Work to complete :: Print the lines that start the entries and continue through the one holding "[diagram v4b: board, top", please, exactly and with the pictures omitted.

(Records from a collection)
= = = = =
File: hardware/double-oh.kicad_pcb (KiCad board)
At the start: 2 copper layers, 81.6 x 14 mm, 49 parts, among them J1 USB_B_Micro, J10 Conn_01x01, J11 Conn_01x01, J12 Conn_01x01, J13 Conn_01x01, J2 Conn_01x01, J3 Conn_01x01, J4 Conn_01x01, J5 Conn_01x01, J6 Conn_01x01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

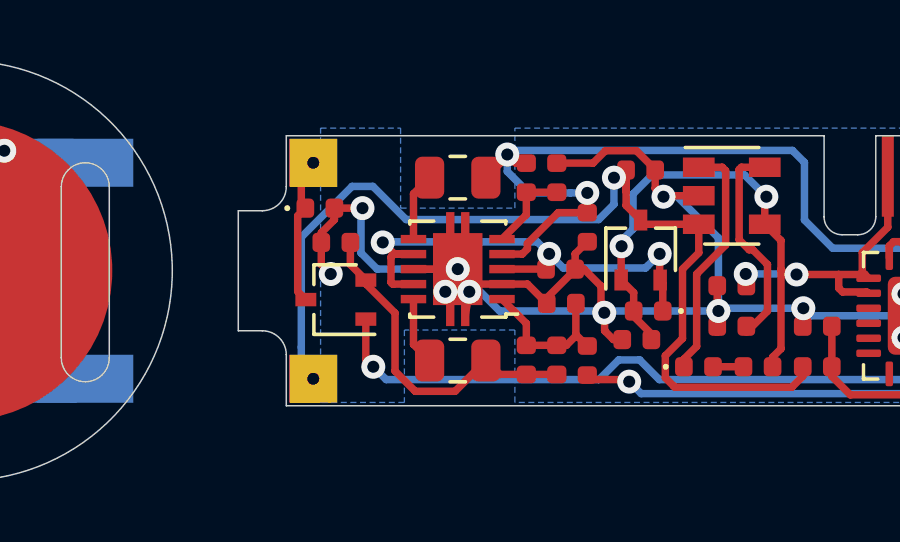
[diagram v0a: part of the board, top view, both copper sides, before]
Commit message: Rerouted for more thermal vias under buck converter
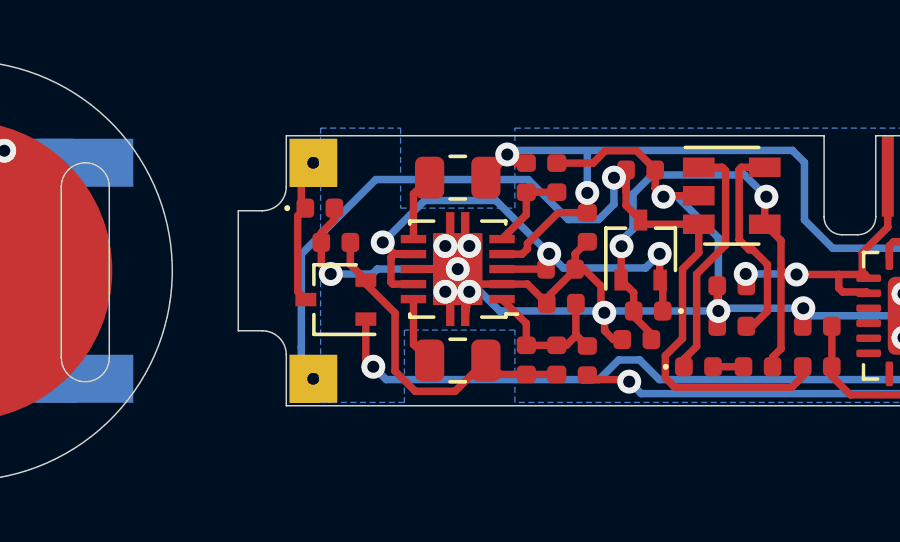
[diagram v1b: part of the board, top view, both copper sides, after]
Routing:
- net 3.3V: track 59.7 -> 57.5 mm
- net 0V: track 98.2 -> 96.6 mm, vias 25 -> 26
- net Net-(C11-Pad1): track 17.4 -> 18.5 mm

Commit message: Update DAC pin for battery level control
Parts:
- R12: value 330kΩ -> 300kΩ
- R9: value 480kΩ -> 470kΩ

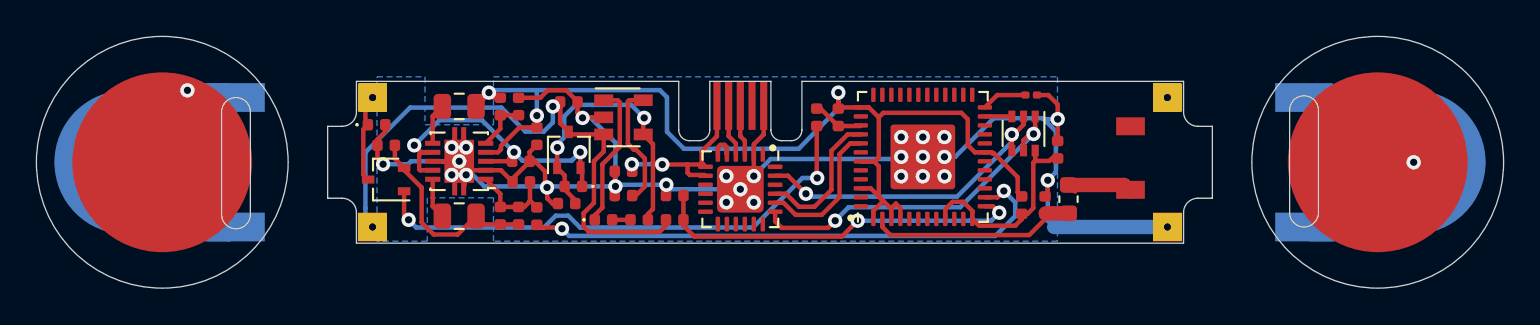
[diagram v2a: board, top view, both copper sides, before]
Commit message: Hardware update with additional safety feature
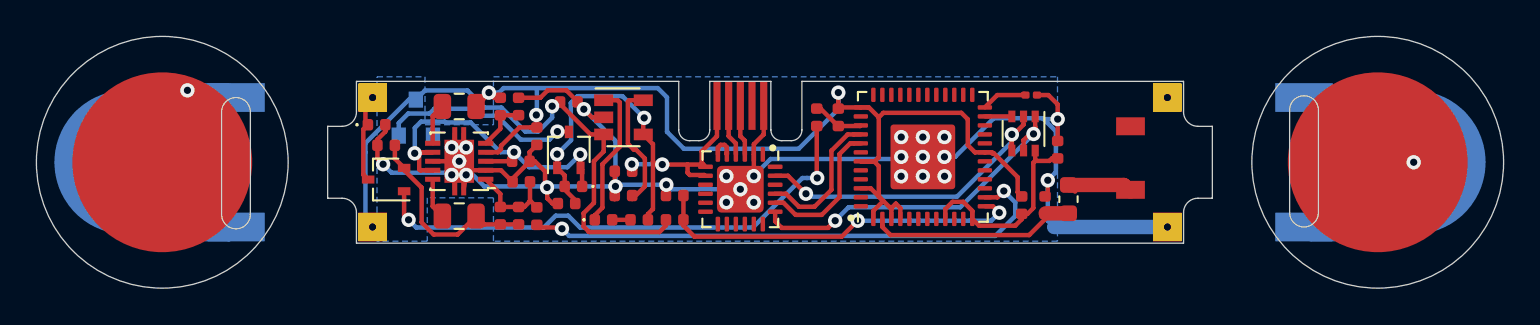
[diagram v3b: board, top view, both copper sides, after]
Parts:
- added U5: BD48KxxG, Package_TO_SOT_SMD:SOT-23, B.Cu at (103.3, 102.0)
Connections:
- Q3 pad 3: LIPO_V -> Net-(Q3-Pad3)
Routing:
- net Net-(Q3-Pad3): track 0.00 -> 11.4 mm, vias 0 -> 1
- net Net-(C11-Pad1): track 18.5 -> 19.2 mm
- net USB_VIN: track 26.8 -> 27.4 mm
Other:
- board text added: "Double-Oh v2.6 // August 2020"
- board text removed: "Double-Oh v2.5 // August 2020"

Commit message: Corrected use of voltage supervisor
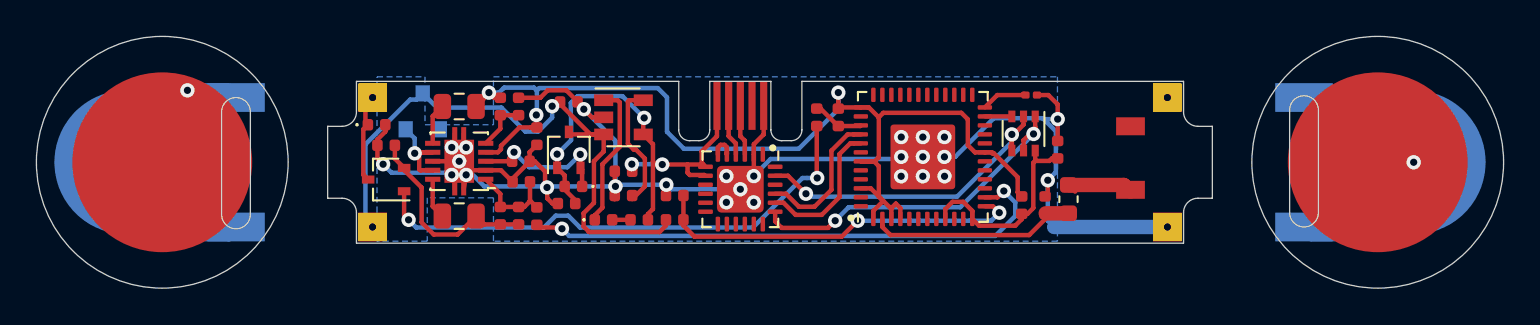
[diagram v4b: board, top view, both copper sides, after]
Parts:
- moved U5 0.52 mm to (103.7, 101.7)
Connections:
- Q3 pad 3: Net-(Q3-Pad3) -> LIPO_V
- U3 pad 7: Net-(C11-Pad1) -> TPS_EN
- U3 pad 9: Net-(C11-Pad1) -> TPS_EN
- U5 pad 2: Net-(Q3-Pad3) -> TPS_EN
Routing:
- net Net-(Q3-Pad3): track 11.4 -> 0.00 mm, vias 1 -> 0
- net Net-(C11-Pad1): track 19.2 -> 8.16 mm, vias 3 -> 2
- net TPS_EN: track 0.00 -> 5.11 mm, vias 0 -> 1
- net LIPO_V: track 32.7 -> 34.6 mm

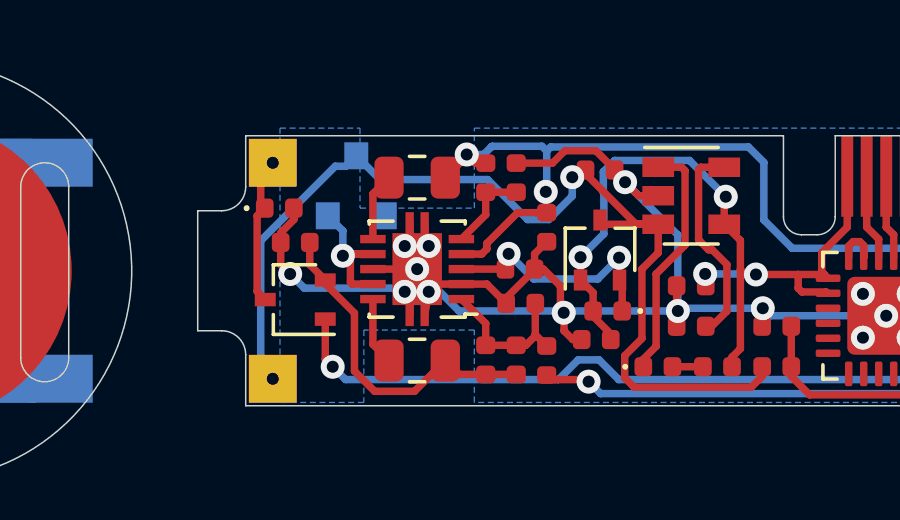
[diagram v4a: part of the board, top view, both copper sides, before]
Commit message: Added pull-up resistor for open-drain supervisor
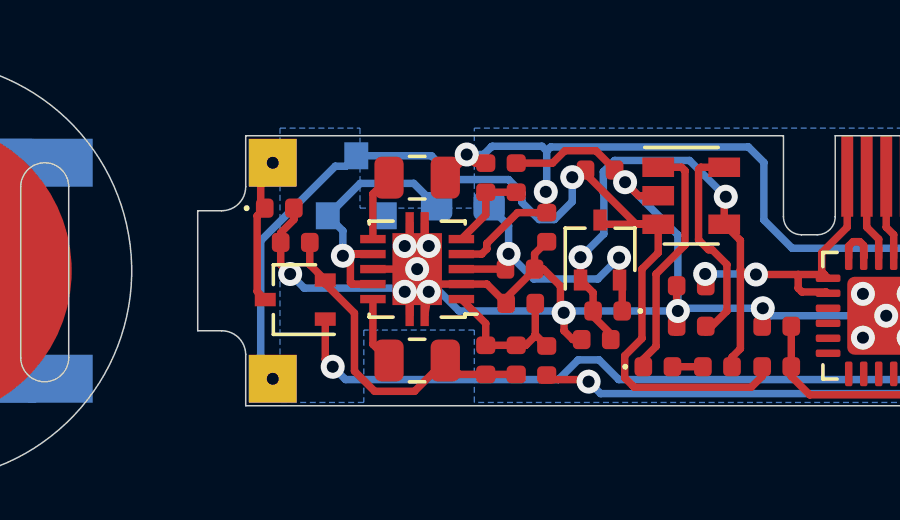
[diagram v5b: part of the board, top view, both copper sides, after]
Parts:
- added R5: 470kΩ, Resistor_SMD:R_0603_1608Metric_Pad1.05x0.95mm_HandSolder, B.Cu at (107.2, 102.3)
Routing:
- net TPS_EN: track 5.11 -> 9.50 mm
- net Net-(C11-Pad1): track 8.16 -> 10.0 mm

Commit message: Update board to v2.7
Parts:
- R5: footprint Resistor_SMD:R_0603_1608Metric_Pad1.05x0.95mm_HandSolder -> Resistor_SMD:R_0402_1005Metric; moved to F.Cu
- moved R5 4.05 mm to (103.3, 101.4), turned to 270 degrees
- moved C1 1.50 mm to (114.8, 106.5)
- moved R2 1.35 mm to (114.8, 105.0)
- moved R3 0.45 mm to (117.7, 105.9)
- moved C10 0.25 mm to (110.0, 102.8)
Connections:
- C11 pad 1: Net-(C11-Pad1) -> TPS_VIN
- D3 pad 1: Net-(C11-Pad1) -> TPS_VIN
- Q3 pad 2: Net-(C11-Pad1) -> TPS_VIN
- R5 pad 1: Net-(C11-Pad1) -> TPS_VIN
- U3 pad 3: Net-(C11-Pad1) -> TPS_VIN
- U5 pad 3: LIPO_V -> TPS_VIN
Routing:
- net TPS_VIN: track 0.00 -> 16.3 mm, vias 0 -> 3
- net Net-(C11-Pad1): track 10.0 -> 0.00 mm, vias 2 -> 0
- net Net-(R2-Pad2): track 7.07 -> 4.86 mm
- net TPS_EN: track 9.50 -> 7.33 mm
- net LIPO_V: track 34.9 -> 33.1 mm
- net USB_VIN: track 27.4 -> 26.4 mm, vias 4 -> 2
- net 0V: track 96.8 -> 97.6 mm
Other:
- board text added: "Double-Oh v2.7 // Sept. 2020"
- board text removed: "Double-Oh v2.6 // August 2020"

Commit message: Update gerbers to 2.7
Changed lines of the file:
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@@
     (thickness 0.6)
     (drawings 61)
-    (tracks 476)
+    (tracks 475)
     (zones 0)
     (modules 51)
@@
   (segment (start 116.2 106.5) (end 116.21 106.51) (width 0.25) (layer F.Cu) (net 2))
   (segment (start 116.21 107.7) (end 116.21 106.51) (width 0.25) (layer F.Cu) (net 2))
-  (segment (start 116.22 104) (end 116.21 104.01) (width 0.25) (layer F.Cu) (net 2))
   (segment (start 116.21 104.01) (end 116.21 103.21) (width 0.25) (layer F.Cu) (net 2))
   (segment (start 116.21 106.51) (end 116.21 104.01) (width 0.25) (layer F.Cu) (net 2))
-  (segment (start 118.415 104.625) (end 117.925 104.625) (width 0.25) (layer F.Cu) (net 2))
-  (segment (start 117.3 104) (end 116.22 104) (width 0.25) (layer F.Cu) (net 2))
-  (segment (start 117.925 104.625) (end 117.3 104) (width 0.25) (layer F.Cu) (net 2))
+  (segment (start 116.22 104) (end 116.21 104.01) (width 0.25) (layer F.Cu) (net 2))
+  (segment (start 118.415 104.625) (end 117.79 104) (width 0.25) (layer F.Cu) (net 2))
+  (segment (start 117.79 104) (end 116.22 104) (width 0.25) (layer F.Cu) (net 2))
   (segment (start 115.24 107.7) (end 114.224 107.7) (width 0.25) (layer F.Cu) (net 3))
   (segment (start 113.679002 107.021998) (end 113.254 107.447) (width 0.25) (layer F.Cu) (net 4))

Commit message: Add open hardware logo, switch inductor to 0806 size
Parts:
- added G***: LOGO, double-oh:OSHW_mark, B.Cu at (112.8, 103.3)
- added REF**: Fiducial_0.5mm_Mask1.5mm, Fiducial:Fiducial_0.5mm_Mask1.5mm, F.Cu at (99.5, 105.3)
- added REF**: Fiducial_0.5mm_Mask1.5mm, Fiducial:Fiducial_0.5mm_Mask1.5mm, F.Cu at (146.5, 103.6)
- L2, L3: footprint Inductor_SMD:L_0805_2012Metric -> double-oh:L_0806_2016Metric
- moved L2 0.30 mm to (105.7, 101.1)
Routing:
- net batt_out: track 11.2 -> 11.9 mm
= = = = =
Exercise output ::
File: hardware/double-oh.kicad_pcb (KiCad board)
At the start: 2 copper layers, 81.6 x 14 mm, 49 parts, among them J1 USB_B_Micro, J10 Conn_01x01, J11 Conn_01x01, J12 Conn_01x01, J13 Conn_01x01, J2 Conn_01x01, J3 Conn_01x01, J4 Conn_01x01, J5 Conn_01x01, J6 Conn_01x01

[diagram v0a: part of the board, top view, both copper sides, before]
Commit message: Rerouted for more thermal vias under buck converter
[diagram v1b: part of the board, top view, both copper sides, after]
Routing:
- net 3.3V: track 59.7 -> 57.5 mm
- net 0V: track 98.2 -> 96.6 mm, vias 25 -> 26
- net Net-(C11-Pad1): track 17.4 -> 18.5 mm

Commit message: Update DAC pin for battery level control
Parts:
- R12: value 330kΩ -> 300kΩ
- R9: value 480kΩ -> 470kΩ

[diagram v2a: board, top view, both copper sides, before]
Commit message: Hardware update with additional safety feature
[diagram v3b: board, top view, both copper sides, after]
Parts:
- added U5: BD48KxxG, Package_TO_SOT_SMD:SOT-23, B.Cu at (103.3, 102.0)
Connections:
- Q3 pad 3: LIPO_V -> Net-(Q3-Pad3)
Routing:
- net Net-(Q3-Pad3): track 0.00 -> 11.4 mm, vias 0 -> 1
- net Net-(C11-Pad1): track 18.5 -> 19.2 mm
- net USB_VIN: track 26.8 -> 27.4 mm
Other:
- board text added: "Double-Oh v2.6 // August 2020"
- board text removed: "Double-Oh v2.5 // August 2020"

Commit message: Corrected use of voltage supervisor
[diagram v4b: board, top view, both copper sides, after]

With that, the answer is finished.